Wednesday, March 07, 2007


[posted by Callimachus]

Bravo to Nat Hentoff for keeping up the pressure on this story of the American Library Association's shameful refusal to say a word against its beloved Fidel Castro -- even as he throws Cuban librarians in cages.

The American Library Association —the largest organization of librarians in the world — continually declares that it fights for everyone's "Freedom to Read!" and its Library Bill of Rights requires its members to "challenge censorship." Yet the leadership of the ALA — not the rank and file — insistently refuses to call for the immediate release of the independent librarians in Cuba — designated as "prisoners of conscience" by Amnesty International. They are serving very long prison terms because they do believe in the freedom to read — especially in a dictatorship.

Among the many organizations demanding that Fidel Castro and his successors release these courageous Cubans — who have opened their homes and libraries to offer books censored in the Cuban state libraries — are such groups as the library associations of the Czech Republic, Latvia, Estonia and Poland. All these librarians, finally freed from Communism, agree with their colleagues in the Polish Library Association, who say in their declaration, "The actions of the Cuban authorities relate to the worst traditions of repressing the freedom of thought and expression."
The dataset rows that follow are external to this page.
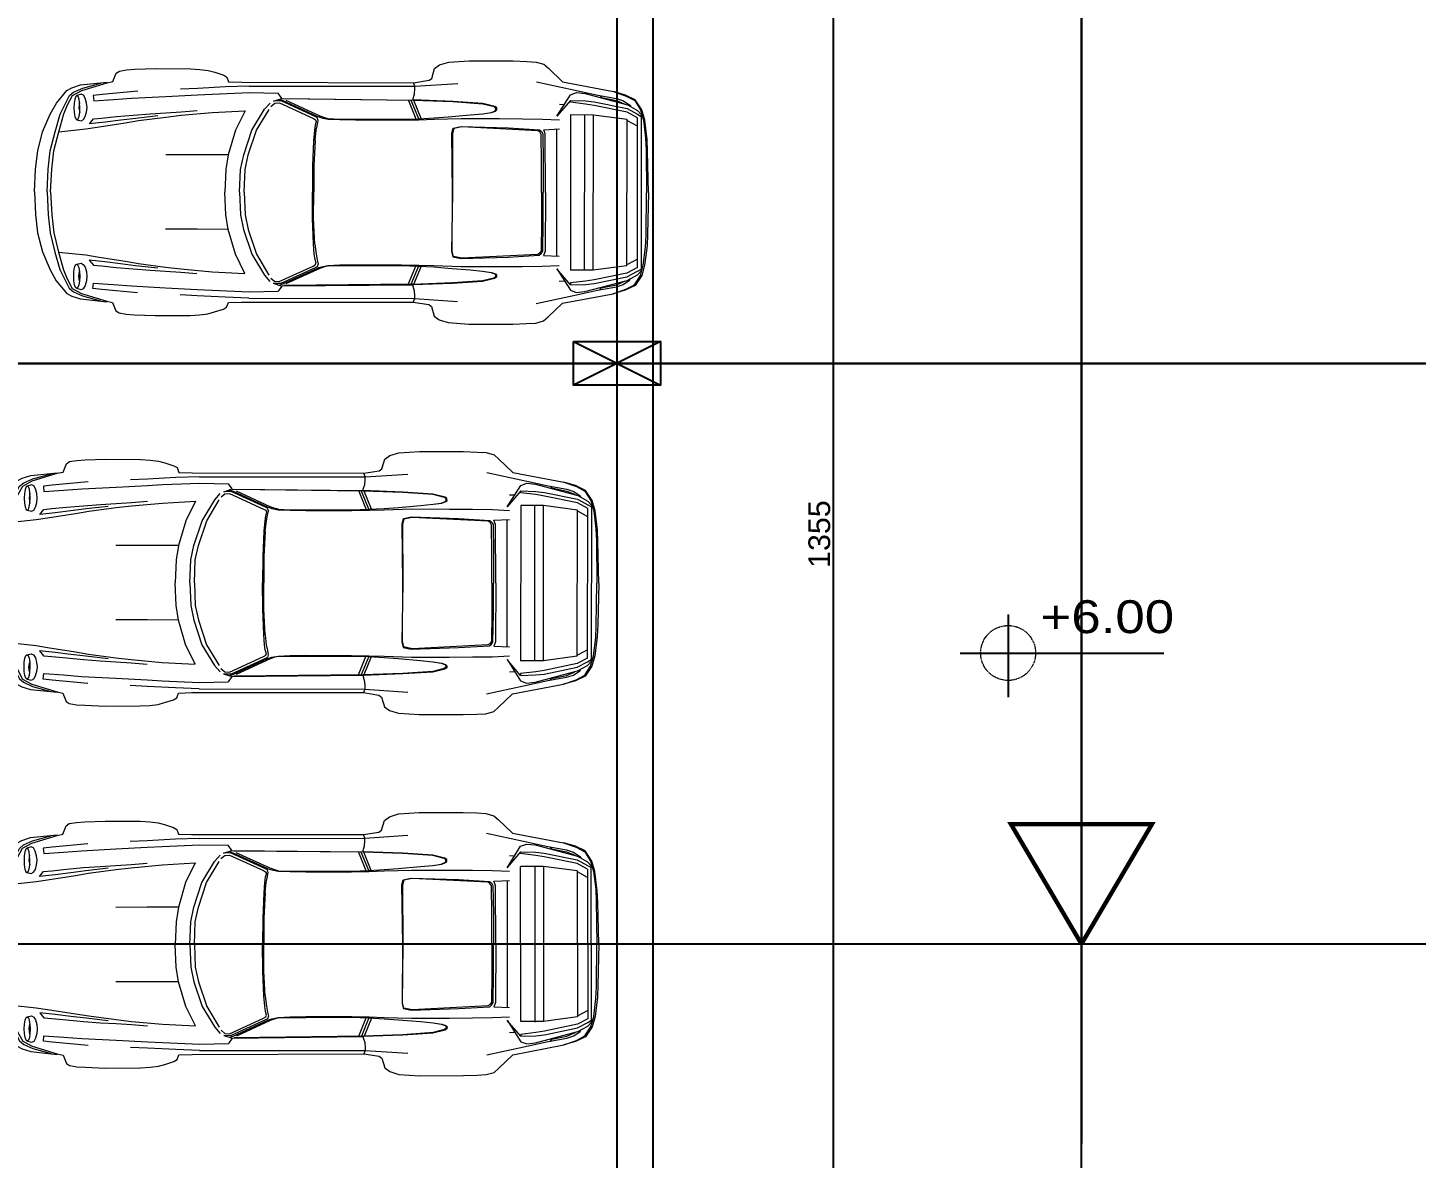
# Model space of a CAD drawing. Extents: x 250879 to 348495, y -51522 to -9360.
# Drawn here: x 307716 to 308673, y -22841 to -22061 of the extents above; entities that cross this region are included whole.
import ezdxf

# ---------------------------------------------------------------- set-up
doc = ezdxf.new("R2010")
doc.units = 0
doc.linetypes.add('CENTER2', pattern=[1.125, 0.75, -0.125, 0.125, -0.125])
doc.layers.get('0').update_dxf_attribs({"linetype": 'CONTINUOUS'})
doc.layers.get('DEFPOINTS').update_dxf_attribs({"color": 9, "linetype": 'CONTINUOUS'})
for name, color, linetype, lineweight in [('A-text finishing', 6, 'CONTINUOUS', 13), ('AXIS CIRCLE', 10, 'CENTER2', 20), ('FIGURES', 153, 'CONTINUOUS', 0)]:
    doc.layers.add(name, color=color, linetype=linetype, lineweight=lineweight)
for name, color, linetype in [('AXIS', 1, 'CONTINUOUS'), ('COLUMN', 5, 'CONTINUOUS'), ('FURNITURE', 4, 'CONTINUOUS'), ('HATCH', 8, 'CONTINUOUS'), ('WALL', 7, 'CONTINUOUS')]:
    doc.layers.add(name, color=color, linetype=linetype)
doc.styles.add('ARIAL', font='BOD_CR.TTF', dxfattribs={"width": 1.2})
doc.styles.get("Standard").update_dxf_attribs({"font": 'sanss___.ttf', "height": 15})
doc.dimstyles.new('STANDARD$0', dxfattribs={"dimscale": 0, "dimtxt": 12, "dimasz": 8, "dimexe": 15, "dimexo": 0.0625, "dimgap": 2, "dimtad": 1, "dimdec": 0, "dimzin": 0, "dimdsep": 46, "dimtxsty": 'Standard', "dimblk1": 'ARCHTICK', "dimblk2": 'ARCHTICK', "dimsah": 1, "dimcen": 0.09, "dimdle": 15, "dimclrd": 3, "dimclre": 3, "dimclrt": 3, "dimazin": 0, "dimtfac": 1, "dimtdec": 0, "dimtofl": 0, "dimtmove": 1, "dimatfit": 3, "dimldrblk": 'ARCHTICK', "dimfxl": 1.0455, "dimfxlon": 1, "dimtolj": 1, "dimtzin": 0, "dimarcsym": 0})

# ---------------------------------------------------------------- blocks, each defined once
blk = doc.blocks.new('XREF1$0$02PCAR09')
at = {"color": 0, "linetype": 'ByBlock'}
for p, q in [((-138.14, 34.83), (-139.39, 33.77)), ((-136.04, 35.43), (-138.14, 34.83)), ((-133.57, 35.58), (-136.04, 35.43)), ((-129.86, 35.7), (-133.57, 35.58)), ((-117.88, 35.7), (-129.86, 35.7)), ((-112.33, 35.34), (-117.88, 35.7)), ((-109.85, 34.59), (-112.33, 35.34)), ((-108.47, 33.6), (-109.85, 34.59)), ((-139.39, 33.77), (-143.26, 30.05)), ((-107.73, 30.95), (-108.47, 33.6)), ((-107, 30.43), (-107.73, 30.95)), ((-102.8, 29.76), (-107, 30.43)), ((-52.16, 31.23), (-52.64, 29.95)), ((-51.29, 31.76), (-52.16, 31.23)), ((-48.85, 32.53), (-51.29, 31.76)), ((-47.09, 33.02), (-48.85, 32.53)), ((-44.85, 33.29), (-47.09, 33.02)), ((-42.26, 33.45), (-44.85, 33.29)), ((-32.75, 33.53), (-42.26, 33.45)), ((-27.18, 33.31), (-32.75, 33.53)), ((-24.96, 33.14), (-27.18, 33.31)), ((-22.98, 32.83), (-24.96, 33.14)), ((-22.13, 32.24), (-22.98, 32.83)), ((-21.22, 30), (-22.13, 32.24)), ((-162.98, 25.22), (-160.29, 26.5)), ((-149.39, 26.87), (-160.88, 23.8)), ((-157.04, 27.42), (-160.49, 26.23)), ((-160.29, 26.5), (-157.04, 27.42)), ((-152.81, 26.43), (-157.91, 25.53)), ((-143.26, 30.05), (-157.04, 27.42)), ((-146.25, 27.9), (-152.81, 26.43)), ((-147.04, 27.13), (-149.39, 26.87)), ((-145.43, 26.52), (-147.04, 27.13)), ((-136.16, 30.07), (-146.25, 27.9)), ((-141.73, 20.71), (-145.43, 26.52)), ((-103.18, 28.82), (-114.79, 29.59)), ((-103.18, 28.82), (-102.8, 29.76)), ((-58.2, 28.79), (-103.18, 28.82)), ((-103.18, 28.09), (-103.18, 28.82)), ((-103.06, 26.7), (-103.18, 28.09)), ((-102.68, 25.44), (-103.06, 26.7)), ((-56.22, 29.83), (-102.8, 29.76)), ((-67.1, 25.46), (-66.11, 26.89)), ((-58.32, 27.06), (-66.11, 26.89)), ((-48.2, 26.63), (-58.32, 27.06)), ((-58.2, 28.77), (-51.78, 28.55)), ((-52.64, 29.95), (-56.22, 29.83)), ((-51.78, 28.55), (-44.15, 28.14)), ((-44.15, 26.41), (-48.2, 26.63)), ((-44.15, 28.14), (-39.54, 27.93)), ((-35.6, 25.95), (-44.15, 26.41)), ((-28.03, 27.35), (-18.29, 26.45)), ((-19.65, 29.66), (-21.22, 30)), ((-12.48, 29.04), (-19.65, 29.78)), ((-12.79, 27.56), (-19.65, 29.66)), ((-18.29, 26.45), (-15.88, 26.19)), ((-13.04, 28.18), (-17.96, 29.55)), ((-13.28, 26.26), (-12.67, 26.55)), ((-10.59, 27.09), (-13.04, 28.18)), ((-10.26, 26.19), (-12.79, 27.56)), ((-12.67, 26.55), (-11.49, 26.19)), ((-10.14, 28.29), (-12.48, 29.04)), ((-9.43, 26.13), (-10.59, 27.09)), ((-8.78, 27.56), (-10.14, 28.29)), ((-5.94, 24.09), (-8.78, 27.56)), ((-164.79, 22.49), (-162.98, 25.22)), ((-162.81, 24.98), (-164.42, 22.49)), ((-160.88, 23.8), (-163.6, 22.32)), ((-160.77, 22.81), (-163.6, 21.32)), ((-160.49, 26.23), (-162.81, 24.98)), ((-161.5, 23.73), (-161.74, 23.33)), ((-159.78, 24.91), (-161.5, 23.73)), ((-151.85, 24.65), (-160.77, 22.81)), ((-160.77, 21.82), (-151.85, 23.66)), ((-159.78, 24.24), (-160.17, 23.99)), ((-157.91, 25.53), (-159.78, 24.91)), ((-157.91, 25.01), (-159.78, 24.24)), ((-153.83, 25.85), (-157.91, 25.01)), ((-153.47, 26.28), (-153.83, 25.85)), ((-149.51, 24.91), (-151.85, 24.65)), ((-151.85, 23.66), (-149.51, 24.04)), ((-145.43, 25.03), (-149.51, 24.91)), ((-149.51, 24.04), (-145.43, 24.53)), ((-145.43, 25.03), (-141.73, 20.73)), ((-145.43, 24.53), (-145.43, 25.03)), ((-142.39, 24.02), (-143.85, 23.95)), ((-125.42, 22.45), (-125.37, 22.96)), ((-125.37, 22.96), (-124.86, 23.34)), ((-125.15, 22.43), (-125.13, 22.84)), ((-125.13, 22.84), (-124.69, 23.22)), ((-124.86, 23.34), (-121.58, 24.14)), ((-124.69, 23.22), (-121.6, 24.01)), ((-121.6, 24.01), (-113.44, 24.57)), ((-121.58, 24.14), (-113.44, 24.69)), ((-113.44, 24.69), (-102.68, 25.08)), ((-113.44, 24.57), (-102.68, 24.96)), ((-104.9, 20.03), (-102.9, 24.96)), ((-104.22, 19.99), (-102.17, 24.96)), ((-101.45, 24.96), (-103.47, 19.98)), ((-67.1, 25.44), (-102.68, 25.06)), ((-102.68, 25.08), (-102.68, 25.44)), ((-102.68, 24.94), (-67.65, 25.32)), ((-102.68, 25.06), (-102.68, 24.94)), ((-77.45, 20.66), (-68.24, 24.88)), ((-67.39, 24.89), (-76.59, 20.66)), ((-76.17, 20.52), (-66.86, 24.77)), ((-66.4, 24.24), (-75.65, 20.03)), ((-66.42, 25.2), (-67.39, 24.89)), ((-67.1, 25.54), (-67.1, 25.54)), ((-64.81, 24.72), (-67.1, 25.46)), ((-66.86, 24.77), (-65.78, 24.81)), ((-65.14, 24.16), (-66.4, 24.24)), ((-65.78, 24.81), (-64.81, 24.72)), ((-64.13, 23.29), (-65.14, 24.16)), ((-62.4, 22.49), (-63.89, 24.21)), ((-26.33, 25.46), (-35.6, 25.95)), ((-21.41, 25.08), (-26.33, 25.46)), ((-16.03, 24.72), (-21.41, 25.08)), ((-15.88, 26.19), (-16.03, 24.72)), ((-14.22, 22.91), (-14.12, 24.14)), ((-14.12, 21.68), (-14.22, 22.91)), ((-14.12, 24.14), (-13.76, 25.41)), ((-13.76, 25.41), (-13.28, 26.26)), ((-12.31, 22.86), (-12.22, 24.26)), ((-12.24, 21.56), (-12.31, 22.86)), ((-12.04, 22.86), (-12.24, 21.56)), ((-12.22, 24.26), (-12.07, 25.22)), ((-12.22, 24.26), (-12.04, 22.86)), ((-12.07, 25.22), (-11.81, 25.93)), ((-11.81, 25.93), (-11.49, 26.19)), ((-11.49, 26.19), (-11.18, 25.93)), ((-11.18, 25.93), (-10.93, 25.22)), ((-10.93, 25.22), (-10.74, 24.13)), ((-10.74, 24.13), (-10.69, 22.86)), ((-10.69, 22.86), (-10.74, 21.58)), ((-8.9, 23.63), (-10.26, 26.19)), ((-6.9, 21.08), (-9.43, 26.13)), ((-7.91, 21.15), (-8.9, 23.63)), ((-4.27, 21.14), (-5.94, 24.09)), ((-166.21, 14.44), (-165.56, 19.69)), ((-165.19, 19.69), (-165.8, 14.82)), ((-165.56, 19.69), (-164.79, 22.49)), ((-164.42, 22.49), (-165.19, 19.69)), ((-163.6, 22.32), (-164.59, 21.21)), ((-163.6, 21.32), (-164.59, 20.71)), ((-164.59, -21.21), (-164.59, 21.21)), ((-163.6, 20.33), (-160.77, 21.82)), ((-163.6, 20.33), (-163.6, -20.33)), ((-163.6, 18.05), (-160.88, 19.53)), ((-160.77, 19.82), (-151.61, 21.07)), ((-160.77, 19.82), (-160.77, -19.82)), ((-151.61, 21.07), (-151.61, -21.07)), ((-151.61, 21.07), (-145.43, 21.07)), ((-149.26, 21.07), (-149.26, -21.19)), ((-145.43, -21.07), (-145.43, 21.07)), ((-137.77, 19.96), (-142.39, 19.75)), ((-132.34, 20.03), (-137.77, 19.96)), ((-126.04, 20.1), (-132.34, 20.03)), ((-115.78, 20.11), (-126.04, 20.1)), ((-125.08, 22.11), (-125.42, 22.45)), ((-124.89, 22.11), (-125.15, 22.43)), ((-124.01, 21.73), (-125.08, 22.11)), ((-123.84, 21.73), (-124.89, 22.11)), ((-121.62, 21.38), (-124.01, 21.73)), ((-121.62, 21.38), (-123.84, 21.73)), ((-118.22, 21.03), (-121.62, 21.38)), ((-112.19, 20.51), (-118.22, 21.03)), ((-108.37, 19.87), (-115.78, 20.11)), ((-108.37, 20.23), (-112.19, 20.51)), ((-104.22, 19.99), (-108.37, 20.23)), ((-104.27, 19.73), (-108.37, 19.87)), ((-99.56, 19.65), (-104.27, 19.73)), ((-99.52, 19.84), (-104.22, 19.99)), ((-87.11, 19.64), (-99.56, 19.65)), ((-87.11, 19.87), (-99.52, 19.84)), ((-82.86, 19.87), (-87.11, 19.87)), ((-82.86, 19.72), (-87.11, 19.64)), ((-79.67, 19.98), (-82.86, 19.87)), ((-79.63, 19.86), (-82.86, 19.72)), ((-79.67, 19.96), (-78.74, 20.2)), ((-77.89, 20.2), (-79.63, 19.86)), ((-78.74, 20.2), (-77.45, 20.66)), ((-77.21, 20.44), (-77.89, 20.2)), ((-76.59, 20.66), (-77.21, 20.44)), ((-76.95, 19.52), (-76.71, 20.25)), ((-76.73, 18.37), (-76.95, 19.52)), ((-76.71, 20.25), (-76.17, 20.52)), ((-76.22, 19.69), (-76.44, 19.24)), ((-76.44, 19.24), (-76.15, 18.22)), ((-75.65, 20.03), (-76.22, 19.69)), ((-60.22, 16.82), (-63.6, 22.49)), ((-58.97, 16.82), (-62.4, 22.49)), ((-57.13, 22.11), (-54.53, 16.8)), ((-48.2, 21.63), (-57.13, 22.11)), ((-39.78, 20.85), (-48.2, 21.63)), ((-39.78, 21.75), (-44.12, 22.11)), ((-35.6, 21.46), (-39.78, 21.75)), ((-35.6, 20.37), (-39.78, 20.85)), ((-31.38, 21.21), (-35.6, 21.46)), ((-28.21, 19.38), (-35.6, 20.37)), ((-33.48, 20.69), (-27.45, 19.99)), ((-26.79, 20.88), (-31.38, 21.21)), ((-24.62, 18.78), (-28.21, 19.38)), ((-27.45, 19.99), (-23.36, 19.5)), ((-22.2, 20.45), (-26.79, 20.88)), ((-23.36, 19.5), (-19.12, 18.97)), ((-18.2, 20.06), (-22.2, 20.45)), ((-19.12, 18.97), (-14.89, 18.51)), ((-16, 19.87), (-18.2, 20.06)), ((-14.89, 18.51), (-16, 19.87)), ((-13.76, 20.44), (-14.12, 21.68)), ((-13.28, 19.65), (-13.76, 20.44)), ((-12.67, 19.33), (-13.28, 19.65)), ((-11.49, 19.6), (-12.67, 19.33)), ((-12.07, 20.57), (-12.24, 21.58)), ((-11.81, 19.84), (-12.07, 20.57)), ((-11.49, 19.6), (-11.81, 19.84)), ((-11.18, 19.81), (-11.49, 19.6)), ((-10.93, 20.51), (-11.18, 19.81)), ((-10.74, 21.58), (-10.93, 20.51)), ((-6.56, 16.32), (-7.91, 21.15)), ((-5.57, 16.32), (-6.9, 21.08)), ((-2.17, 16.31), (-4.27, 21.14)), ((-138.14, 17.06), (-142.38, 17.26)), ((-141.73, 17.26), (-141.73, -17.16)), ((-138.66, 0), (-138.57, 15.9)), ((-138.57, 15.9), (-138.14, 17.06)), ((-137.9, 15.9), (-138.04, 8.28)), ((-137.51, 16.58), (-137.9, 15.9)), ((-137.56, 8.16), (-137.48, 15.78)), ((-136.98, 17.01), (-137.51, 16.58)), ((-137.48, 15.78), (-137.08, 16.44)), ((-137.08, 16.44), (-136.55, 16.78)), ((-128.55, 17.52), (-136.98, 17.01)), ((-136.55, 16.78), (-115.95, 17.82)), ((-115.76, 17.94), (-128.55, 17.52)), ((-115.95, 17.82), (-113.73, 17.36)), ((-113.56, 17.48), (-115.76, 17.94)), ((-113.73, 17.36), (-113.35, 15.95)), ((-113.2, 16.07), (-113.56, 17.48)), ((-113.4, -0.02), (-113.2, 16.07)), ((-113.35, 15.95), (-113.4, 0.02)), ((-76.42, 16.82), (-76.73, 18.37)), ((-76.1, 14.07), (-76.42, 16.82)), ((-76.15, 18.22), (-75.93, 16.82)), ((-75.93, 16.82), (-75.72, 13.98)), ((-60.22, 16.82), (-60.22, 16.82)), ((-58, 10.14), (-60.22, 16.82)), ((-56.75, 10.14), (-58.97, 16.82)), ((-54.53, 16.8), (-52.55, 10.14)), ((-17.01, 17.6), (-24.62, 18.78)), ((-13.95, 17.11), (-17.01, 17.6)), ((-6.56, 16.32), (-13.95, 17.11)), ((-5.26, 11.13), (-6.56, 16.32)), ((-4.27, 11.13), (-5.57, 16.32)), ((-0.87, 11.13), (-2.17, 16.31)), ((-166.35, 11.22), (-166.21, 14.44)), ((-165.94, 11.59), (-166.08, 0)), ((-165.8, 14.82), (-165.94, 11.59)), ((-76.1, 14.07), (-75.74, 7.15)), ((-75.72, 13.98), (-75.43, 7.15)), ((-166.57, 0.02), (-166.35, 11.22)), ((-138.04, 8.28), (-138.04, 0)), ((-137.56, 0), (-137.56, 8.16)), ((-57.13, 6.18), (-58, 10.14)), ((-55.9, 6.18), (-56.75, 10.14)), ((-52.55, 10.14), (-44.12, 10.09)), ((-52.55, 10.14), (-51.92, 6.18)), ((-44.12, 10.09), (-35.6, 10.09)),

... However, the top officials of the American Library Association —as well as the majority of its Governing Council —speak derisively of these "so-called librarians" in Castro's gulags.

As far as I can tell, Hentoff is a lonely voice in working this story. Not that he'd care. I first caught his column on it months ago, when he wrote about the tiny Vermillion, S.D., public library that bucked the big national organization and made the independent Dulce Maria Loynaz Library in Havana a sister library, sending it books, including a collection of Mark Twain.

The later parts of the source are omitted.